Activity
Find and return every line of the data that contains the word "RevertToSquareIcSolve".
━━━━━ Provided data
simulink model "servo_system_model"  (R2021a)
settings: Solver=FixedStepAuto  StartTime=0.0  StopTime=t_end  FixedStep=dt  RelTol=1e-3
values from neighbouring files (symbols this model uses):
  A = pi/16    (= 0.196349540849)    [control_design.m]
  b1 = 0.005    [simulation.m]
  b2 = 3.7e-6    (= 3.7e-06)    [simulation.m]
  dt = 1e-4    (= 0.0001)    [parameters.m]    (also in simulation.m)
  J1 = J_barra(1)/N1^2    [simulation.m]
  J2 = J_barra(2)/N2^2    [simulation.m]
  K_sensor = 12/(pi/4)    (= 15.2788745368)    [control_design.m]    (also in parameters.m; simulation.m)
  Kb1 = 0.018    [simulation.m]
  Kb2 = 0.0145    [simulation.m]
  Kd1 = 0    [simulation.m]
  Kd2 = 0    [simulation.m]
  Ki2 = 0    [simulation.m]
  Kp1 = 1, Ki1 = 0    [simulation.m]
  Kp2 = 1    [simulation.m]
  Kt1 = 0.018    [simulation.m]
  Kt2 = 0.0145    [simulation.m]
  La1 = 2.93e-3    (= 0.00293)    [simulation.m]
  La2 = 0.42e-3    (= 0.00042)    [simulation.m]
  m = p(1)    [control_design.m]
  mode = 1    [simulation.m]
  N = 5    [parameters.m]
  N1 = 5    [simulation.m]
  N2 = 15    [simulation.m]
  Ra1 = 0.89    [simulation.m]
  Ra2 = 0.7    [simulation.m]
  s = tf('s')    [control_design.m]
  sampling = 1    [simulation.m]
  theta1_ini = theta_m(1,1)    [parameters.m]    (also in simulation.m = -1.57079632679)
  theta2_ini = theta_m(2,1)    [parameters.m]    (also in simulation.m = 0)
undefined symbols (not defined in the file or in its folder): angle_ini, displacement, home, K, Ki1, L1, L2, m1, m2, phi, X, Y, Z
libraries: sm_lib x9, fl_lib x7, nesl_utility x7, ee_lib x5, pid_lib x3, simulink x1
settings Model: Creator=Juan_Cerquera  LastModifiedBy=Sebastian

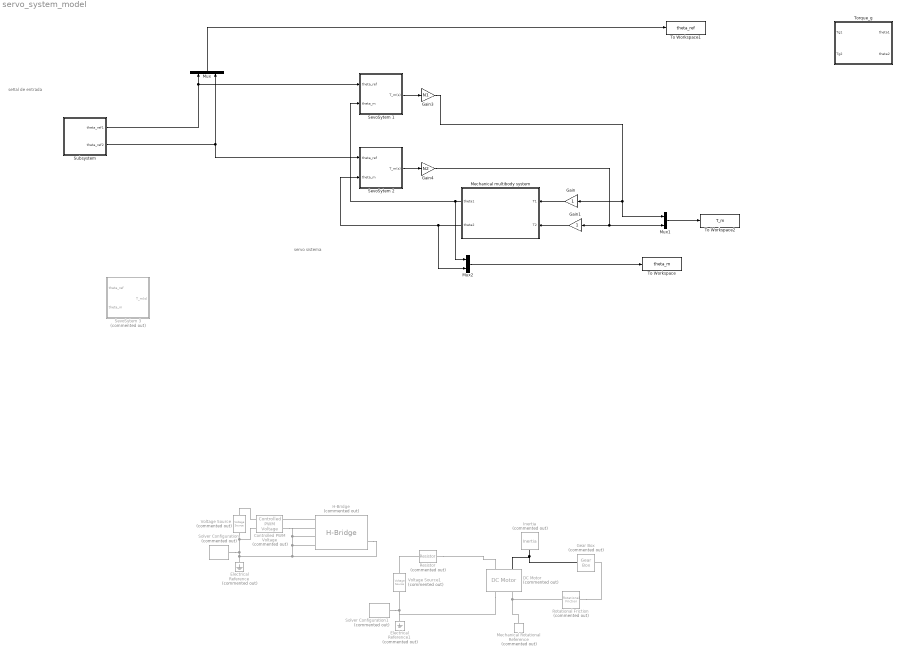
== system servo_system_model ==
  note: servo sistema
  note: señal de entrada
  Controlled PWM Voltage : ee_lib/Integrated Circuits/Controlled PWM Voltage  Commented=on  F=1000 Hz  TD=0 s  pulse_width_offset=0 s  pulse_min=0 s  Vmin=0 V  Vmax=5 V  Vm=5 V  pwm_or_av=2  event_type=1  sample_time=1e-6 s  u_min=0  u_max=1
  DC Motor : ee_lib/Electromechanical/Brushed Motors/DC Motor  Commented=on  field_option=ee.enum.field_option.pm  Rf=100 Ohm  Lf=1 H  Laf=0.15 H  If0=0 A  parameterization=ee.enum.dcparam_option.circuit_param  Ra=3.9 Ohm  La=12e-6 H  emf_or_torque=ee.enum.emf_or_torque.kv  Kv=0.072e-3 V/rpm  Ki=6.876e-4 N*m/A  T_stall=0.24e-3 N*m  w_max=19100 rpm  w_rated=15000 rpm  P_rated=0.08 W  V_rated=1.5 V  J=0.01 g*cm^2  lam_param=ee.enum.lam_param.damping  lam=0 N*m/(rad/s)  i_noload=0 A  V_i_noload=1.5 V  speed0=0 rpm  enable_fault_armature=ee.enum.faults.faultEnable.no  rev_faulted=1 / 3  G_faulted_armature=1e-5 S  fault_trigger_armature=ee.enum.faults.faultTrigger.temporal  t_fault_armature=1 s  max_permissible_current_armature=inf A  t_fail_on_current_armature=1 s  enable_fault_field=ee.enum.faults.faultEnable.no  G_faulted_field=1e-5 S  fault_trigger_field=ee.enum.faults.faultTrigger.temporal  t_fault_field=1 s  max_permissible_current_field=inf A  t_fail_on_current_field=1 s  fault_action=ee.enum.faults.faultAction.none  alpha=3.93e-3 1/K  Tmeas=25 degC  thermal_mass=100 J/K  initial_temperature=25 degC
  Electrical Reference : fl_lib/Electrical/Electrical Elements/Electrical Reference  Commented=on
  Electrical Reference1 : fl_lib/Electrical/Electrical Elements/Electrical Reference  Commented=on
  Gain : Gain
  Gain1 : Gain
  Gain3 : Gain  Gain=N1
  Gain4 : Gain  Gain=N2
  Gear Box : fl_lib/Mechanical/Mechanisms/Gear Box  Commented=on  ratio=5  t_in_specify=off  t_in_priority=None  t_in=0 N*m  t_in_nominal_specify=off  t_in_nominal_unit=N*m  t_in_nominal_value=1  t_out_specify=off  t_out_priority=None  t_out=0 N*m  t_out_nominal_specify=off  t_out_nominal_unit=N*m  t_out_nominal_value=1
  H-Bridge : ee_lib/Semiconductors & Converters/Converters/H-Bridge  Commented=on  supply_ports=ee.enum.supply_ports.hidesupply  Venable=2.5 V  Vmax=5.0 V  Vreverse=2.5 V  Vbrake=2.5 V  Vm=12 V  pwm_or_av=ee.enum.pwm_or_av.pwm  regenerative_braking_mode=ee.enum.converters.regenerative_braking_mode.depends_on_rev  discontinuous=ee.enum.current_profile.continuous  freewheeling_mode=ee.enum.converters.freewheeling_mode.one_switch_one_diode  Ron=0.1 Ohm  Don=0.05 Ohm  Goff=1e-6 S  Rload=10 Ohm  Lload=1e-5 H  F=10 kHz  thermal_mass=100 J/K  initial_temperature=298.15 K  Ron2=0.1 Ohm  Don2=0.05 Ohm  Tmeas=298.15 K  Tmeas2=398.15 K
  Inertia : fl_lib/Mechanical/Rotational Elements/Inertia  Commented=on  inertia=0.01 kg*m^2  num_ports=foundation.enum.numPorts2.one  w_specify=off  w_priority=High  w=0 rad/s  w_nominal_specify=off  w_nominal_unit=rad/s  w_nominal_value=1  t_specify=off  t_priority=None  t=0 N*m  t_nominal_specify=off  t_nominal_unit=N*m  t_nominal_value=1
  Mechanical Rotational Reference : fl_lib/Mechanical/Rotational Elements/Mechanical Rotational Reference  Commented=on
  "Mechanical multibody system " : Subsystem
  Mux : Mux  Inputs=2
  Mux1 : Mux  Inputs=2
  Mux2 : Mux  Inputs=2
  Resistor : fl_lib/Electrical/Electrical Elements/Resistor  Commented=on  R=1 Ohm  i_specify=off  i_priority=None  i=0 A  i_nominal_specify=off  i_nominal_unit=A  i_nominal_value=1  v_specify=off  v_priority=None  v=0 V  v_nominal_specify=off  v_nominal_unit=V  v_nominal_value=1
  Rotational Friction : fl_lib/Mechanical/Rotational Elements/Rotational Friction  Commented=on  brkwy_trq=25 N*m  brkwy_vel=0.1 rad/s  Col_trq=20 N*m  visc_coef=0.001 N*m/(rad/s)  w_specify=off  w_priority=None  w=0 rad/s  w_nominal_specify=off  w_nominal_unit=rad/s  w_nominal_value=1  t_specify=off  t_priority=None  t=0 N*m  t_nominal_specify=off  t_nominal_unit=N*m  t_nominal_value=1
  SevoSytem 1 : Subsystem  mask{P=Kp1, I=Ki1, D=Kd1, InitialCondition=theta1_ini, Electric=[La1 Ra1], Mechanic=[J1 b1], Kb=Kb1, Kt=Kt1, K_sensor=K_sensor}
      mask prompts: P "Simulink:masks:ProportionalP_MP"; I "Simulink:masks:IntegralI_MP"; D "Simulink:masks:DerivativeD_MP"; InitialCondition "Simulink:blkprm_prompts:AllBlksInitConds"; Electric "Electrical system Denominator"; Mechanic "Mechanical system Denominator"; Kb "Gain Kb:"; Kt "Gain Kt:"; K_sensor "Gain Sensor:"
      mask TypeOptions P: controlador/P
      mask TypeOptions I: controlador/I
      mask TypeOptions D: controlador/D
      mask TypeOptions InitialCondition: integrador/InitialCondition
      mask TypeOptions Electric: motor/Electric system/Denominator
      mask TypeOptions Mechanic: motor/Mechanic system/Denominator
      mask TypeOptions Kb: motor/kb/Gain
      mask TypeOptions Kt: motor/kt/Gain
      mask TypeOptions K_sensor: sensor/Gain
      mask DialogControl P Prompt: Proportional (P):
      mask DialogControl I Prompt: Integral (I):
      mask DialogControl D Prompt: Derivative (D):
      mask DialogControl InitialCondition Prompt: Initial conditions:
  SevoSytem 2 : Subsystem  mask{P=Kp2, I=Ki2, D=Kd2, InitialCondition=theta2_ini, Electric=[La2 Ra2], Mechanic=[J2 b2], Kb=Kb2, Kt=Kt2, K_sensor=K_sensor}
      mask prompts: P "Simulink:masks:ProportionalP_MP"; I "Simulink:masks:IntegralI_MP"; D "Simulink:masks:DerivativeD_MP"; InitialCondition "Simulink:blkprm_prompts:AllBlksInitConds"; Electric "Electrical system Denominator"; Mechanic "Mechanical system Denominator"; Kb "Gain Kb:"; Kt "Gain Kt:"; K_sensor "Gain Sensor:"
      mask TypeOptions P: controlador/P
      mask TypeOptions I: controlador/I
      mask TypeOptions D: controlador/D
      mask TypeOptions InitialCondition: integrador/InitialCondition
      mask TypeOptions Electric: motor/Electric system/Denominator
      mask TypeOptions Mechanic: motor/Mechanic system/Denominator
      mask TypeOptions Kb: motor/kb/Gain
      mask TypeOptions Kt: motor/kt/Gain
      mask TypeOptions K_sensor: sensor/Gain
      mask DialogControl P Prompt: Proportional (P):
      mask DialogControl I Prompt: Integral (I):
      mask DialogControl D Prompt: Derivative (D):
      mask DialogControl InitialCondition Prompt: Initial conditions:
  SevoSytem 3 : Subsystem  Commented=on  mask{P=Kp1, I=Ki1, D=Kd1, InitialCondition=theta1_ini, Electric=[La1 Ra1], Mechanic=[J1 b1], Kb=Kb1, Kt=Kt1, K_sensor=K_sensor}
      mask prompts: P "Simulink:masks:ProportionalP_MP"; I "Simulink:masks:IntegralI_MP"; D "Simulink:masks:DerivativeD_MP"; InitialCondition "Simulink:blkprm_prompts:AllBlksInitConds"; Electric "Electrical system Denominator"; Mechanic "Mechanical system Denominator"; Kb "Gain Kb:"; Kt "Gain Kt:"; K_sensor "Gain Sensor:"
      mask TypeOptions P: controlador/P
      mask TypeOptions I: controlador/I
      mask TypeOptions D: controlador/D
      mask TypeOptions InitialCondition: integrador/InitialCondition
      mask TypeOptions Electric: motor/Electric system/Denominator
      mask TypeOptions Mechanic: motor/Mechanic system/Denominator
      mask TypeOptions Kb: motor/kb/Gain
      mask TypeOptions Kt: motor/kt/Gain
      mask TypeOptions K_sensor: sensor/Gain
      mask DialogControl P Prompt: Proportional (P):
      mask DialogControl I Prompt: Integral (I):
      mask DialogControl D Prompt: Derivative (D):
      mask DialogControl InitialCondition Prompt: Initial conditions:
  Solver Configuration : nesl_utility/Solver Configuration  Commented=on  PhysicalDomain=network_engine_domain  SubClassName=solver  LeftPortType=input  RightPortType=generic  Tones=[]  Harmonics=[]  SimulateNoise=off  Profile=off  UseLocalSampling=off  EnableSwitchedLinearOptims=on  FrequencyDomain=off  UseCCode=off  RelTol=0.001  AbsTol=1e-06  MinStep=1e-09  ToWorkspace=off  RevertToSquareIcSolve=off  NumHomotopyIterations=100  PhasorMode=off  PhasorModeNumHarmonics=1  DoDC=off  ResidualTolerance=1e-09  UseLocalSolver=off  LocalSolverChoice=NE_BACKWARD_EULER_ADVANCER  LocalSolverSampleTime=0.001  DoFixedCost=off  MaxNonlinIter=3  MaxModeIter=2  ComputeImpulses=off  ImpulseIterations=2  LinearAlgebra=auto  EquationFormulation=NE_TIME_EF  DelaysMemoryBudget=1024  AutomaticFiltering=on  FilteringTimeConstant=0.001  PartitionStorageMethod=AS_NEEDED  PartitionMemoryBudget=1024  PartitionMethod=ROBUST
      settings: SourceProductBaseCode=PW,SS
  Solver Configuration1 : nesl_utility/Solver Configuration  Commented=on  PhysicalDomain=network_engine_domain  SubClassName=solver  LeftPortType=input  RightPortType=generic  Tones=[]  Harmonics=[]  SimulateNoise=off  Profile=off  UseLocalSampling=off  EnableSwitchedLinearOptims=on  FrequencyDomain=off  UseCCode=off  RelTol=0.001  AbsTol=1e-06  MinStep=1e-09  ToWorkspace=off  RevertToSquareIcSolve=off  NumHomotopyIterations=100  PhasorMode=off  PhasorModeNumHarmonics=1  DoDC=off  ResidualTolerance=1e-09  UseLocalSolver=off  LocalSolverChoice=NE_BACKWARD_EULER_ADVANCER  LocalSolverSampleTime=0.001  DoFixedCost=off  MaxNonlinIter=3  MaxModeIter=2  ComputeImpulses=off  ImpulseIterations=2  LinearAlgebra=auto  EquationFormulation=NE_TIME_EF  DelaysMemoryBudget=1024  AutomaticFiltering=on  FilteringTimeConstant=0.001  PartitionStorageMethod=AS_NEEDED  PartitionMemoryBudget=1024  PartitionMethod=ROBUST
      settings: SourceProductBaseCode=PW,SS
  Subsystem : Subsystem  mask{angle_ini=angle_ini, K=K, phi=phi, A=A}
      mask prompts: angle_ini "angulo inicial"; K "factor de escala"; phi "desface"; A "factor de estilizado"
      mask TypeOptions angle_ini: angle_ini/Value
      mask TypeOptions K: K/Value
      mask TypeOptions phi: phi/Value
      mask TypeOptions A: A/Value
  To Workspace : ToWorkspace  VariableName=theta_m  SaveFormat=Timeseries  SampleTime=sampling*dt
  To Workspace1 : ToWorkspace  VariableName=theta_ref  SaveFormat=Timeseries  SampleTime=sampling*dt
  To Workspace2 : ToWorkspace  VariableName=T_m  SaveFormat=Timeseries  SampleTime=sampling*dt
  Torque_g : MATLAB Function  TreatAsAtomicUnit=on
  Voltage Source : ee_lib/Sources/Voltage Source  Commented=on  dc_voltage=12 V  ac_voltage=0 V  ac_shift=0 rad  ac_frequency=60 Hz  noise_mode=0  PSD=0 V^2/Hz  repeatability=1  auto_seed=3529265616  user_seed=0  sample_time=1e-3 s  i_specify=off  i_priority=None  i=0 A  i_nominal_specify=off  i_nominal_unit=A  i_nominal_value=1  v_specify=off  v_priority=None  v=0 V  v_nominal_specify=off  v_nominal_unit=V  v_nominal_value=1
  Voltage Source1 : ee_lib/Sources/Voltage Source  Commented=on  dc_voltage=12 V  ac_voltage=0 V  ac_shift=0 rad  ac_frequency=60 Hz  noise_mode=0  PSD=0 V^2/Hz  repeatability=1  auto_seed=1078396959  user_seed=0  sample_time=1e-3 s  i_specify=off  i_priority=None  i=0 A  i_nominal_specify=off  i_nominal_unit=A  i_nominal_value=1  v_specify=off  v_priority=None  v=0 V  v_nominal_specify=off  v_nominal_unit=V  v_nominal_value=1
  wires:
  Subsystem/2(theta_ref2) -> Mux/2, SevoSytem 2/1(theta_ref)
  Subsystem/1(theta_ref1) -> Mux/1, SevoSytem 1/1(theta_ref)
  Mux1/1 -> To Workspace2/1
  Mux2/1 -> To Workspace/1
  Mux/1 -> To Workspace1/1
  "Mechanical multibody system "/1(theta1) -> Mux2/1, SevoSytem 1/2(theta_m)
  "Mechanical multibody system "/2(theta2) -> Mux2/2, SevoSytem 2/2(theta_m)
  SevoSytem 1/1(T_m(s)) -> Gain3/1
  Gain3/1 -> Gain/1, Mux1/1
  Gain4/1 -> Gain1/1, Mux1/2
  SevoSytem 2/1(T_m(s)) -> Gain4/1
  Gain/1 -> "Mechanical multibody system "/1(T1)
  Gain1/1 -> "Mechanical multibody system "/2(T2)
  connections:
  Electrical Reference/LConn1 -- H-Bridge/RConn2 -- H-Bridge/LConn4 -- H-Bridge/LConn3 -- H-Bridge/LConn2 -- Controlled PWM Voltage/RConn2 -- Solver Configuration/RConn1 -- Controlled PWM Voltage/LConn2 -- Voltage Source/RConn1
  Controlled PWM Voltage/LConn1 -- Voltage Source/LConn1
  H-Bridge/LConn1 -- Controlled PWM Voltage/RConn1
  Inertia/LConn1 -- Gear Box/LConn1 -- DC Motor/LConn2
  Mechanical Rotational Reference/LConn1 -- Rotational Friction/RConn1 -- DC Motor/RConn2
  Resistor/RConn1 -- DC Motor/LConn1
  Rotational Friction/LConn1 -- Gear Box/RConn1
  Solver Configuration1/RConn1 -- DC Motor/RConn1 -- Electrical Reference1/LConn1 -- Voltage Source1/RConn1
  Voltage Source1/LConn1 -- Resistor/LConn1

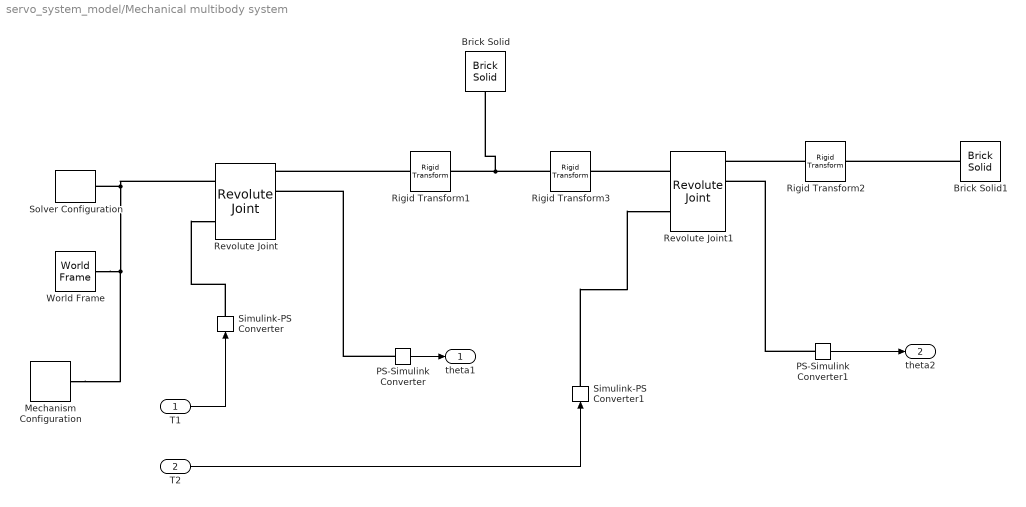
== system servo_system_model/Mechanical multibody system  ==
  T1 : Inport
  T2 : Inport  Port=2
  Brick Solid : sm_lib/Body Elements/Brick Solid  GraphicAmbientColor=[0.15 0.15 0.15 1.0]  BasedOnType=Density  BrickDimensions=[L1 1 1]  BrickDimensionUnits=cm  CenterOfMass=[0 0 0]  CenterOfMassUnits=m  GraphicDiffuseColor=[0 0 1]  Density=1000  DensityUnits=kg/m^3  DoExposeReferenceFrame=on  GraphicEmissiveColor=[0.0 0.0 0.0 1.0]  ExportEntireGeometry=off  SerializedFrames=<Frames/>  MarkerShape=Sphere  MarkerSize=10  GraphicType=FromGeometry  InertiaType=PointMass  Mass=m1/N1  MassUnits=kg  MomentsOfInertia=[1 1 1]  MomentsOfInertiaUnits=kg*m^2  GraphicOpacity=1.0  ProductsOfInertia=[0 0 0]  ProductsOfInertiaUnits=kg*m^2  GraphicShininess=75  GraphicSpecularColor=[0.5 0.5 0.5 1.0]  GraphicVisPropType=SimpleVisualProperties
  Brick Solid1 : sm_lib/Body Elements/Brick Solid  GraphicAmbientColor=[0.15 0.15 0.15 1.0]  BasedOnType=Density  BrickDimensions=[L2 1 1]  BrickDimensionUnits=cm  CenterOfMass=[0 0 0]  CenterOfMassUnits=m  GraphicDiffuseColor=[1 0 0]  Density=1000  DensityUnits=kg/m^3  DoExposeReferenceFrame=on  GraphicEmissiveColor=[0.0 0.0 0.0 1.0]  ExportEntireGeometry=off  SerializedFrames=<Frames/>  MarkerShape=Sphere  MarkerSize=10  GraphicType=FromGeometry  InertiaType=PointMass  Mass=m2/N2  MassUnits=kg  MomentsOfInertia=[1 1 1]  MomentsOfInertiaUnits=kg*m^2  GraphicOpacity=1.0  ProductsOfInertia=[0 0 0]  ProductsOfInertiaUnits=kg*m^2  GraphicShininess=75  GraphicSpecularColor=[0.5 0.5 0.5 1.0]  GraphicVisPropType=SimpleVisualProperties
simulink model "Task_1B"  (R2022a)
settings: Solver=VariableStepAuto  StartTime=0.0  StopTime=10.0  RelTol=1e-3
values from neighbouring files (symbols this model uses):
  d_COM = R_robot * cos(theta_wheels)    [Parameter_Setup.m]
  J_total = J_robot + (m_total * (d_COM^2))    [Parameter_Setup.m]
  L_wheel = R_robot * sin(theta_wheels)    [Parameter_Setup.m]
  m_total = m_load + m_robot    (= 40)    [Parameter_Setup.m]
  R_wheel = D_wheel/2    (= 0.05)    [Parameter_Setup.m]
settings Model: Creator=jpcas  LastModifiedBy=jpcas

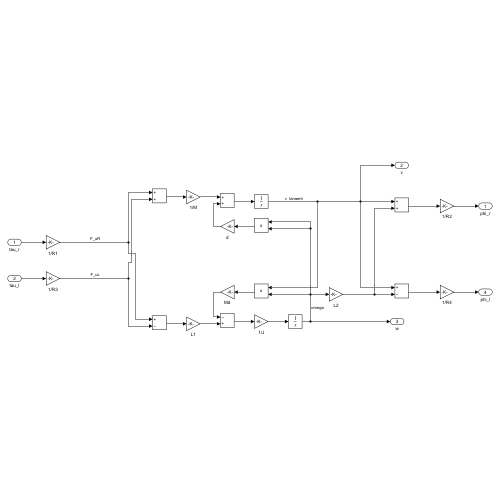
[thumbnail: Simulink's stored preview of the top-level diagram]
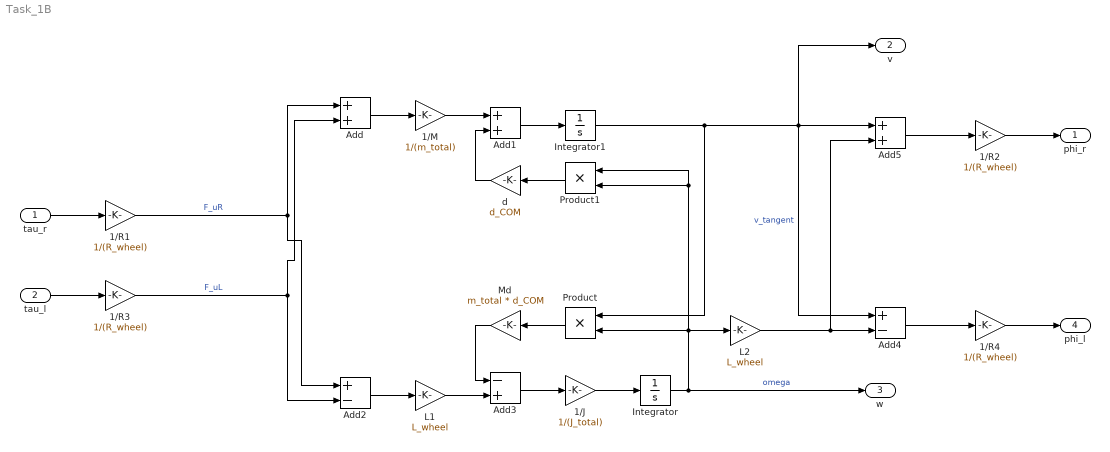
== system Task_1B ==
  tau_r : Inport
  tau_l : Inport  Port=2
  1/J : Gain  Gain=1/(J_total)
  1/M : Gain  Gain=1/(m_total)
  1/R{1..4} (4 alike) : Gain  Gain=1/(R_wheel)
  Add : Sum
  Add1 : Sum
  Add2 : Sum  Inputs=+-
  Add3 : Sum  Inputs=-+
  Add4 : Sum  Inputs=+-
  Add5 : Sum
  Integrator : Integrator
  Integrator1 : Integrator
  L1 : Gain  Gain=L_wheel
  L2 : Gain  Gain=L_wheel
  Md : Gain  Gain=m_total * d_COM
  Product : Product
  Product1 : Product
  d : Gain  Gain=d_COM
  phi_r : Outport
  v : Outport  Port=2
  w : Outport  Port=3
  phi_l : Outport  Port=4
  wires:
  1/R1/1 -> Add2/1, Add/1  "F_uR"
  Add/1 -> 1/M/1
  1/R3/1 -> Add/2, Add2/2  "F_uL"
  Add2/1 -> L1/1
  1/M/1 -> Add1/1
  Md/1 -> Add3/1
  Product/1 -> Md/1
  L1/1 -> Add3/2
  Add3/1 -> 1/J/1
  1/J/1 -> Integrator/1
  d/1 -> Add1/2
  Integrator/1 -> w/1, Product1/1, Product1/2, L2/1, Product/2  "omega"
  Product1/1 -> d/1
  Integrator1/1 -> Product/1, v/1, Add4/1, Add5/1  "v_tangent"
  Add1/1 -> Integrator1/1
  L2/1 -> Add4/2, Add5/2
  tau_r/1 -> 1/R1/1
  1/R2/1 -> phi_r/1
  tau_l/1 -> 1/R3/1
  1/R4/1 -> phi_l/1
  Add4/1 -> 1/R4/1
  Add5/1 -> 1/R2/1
━━━━━━━━━━
Written solution
  Solver Configuration : nesl_utility/Solver Configuration  Commented=on  PhysicalDomain=network_engine_domain  SubClassName=solver  LeftPortType=input  RightPortType=generic  Tones=[]  Harmonics=[]  SimulateNoise=off  Profile=off  UseLocalSampling=off  EnableSwitchedLinearOptims=on  FrequencyDomain=off  UseCCode=off  RelTol=0.001  AbsTol=1e-06  MinStep=1e-09  ToWorkspace=off  RevertToSquareIcSolve=off  NumHomotopyIterations=100  PhasorMode=off  PhasorModeNumHarmonics=1  DoDC=off  ResidualTolerance=1e-09  UseLocalSolver=off  LocalSolverChoice=NE_BACKWARD_EULER_ADVANCER  LocalSolverSampleTime=0.001  DoFixedCost=off  MaxNonlinIter=3  MaxModeIter=2  ComputeImpulses=off  ImpulseIterations=2  LinearAlgebra=auto  EquationFormulation=NE_TIME_EF  DelaysMemoryBudget=1024  AutomaticFiltering=on  FilteringTimeConstant=0.001  PartitionStorageMethod=AS_NEEDED  PartitionMemoryBudget=1024  PartitionMethod=ROBUST
  Solver Configuration1 : nesl_utility/Solver Configuration  Commented=on  PhysicalDomain=network_engine_domain  SubClassName=solver  LeftPortType=input  RightPortType=generic  Tones=[]  Harmonics=[]  SimulateNoise=off  Profile=off  UseLocalSampling=off  EnableSwitchedLinearOptims=on  FrequencyDomain=off  UseCCode=off  RelTol=0.001  AbsTol=1e-06  MinStep=1e-09  ToWorkspace=off  RevertToSquareIcSolve=off  NumHomotopyIterations=100  PhasorMode=off  PhasorModeNumHarmonics=1  DoDC=off  ResidualTolerance=1e-09  UseLocalSolver=off  LocalSolverChoice=NE_BACKWARD_EULER_ADVANCER  LocalSolverSampleTime=0.001  DoFixedCost=off  MaxNonlinIter=3  MaxModeIter=2  ComputeImpulses=off  ImpulseIterations=2  LinearAlgebra=auto  EquationFormulation=NE_TIME_EF  DelaysMemoryBudget=1024  AutomaticFiltering=on  FilteringTimeConstant=0.001  PartitionStorageMethod=AS_NEEDED  PartitionMemoryBudget=1024  PartitionMethod=ROBUST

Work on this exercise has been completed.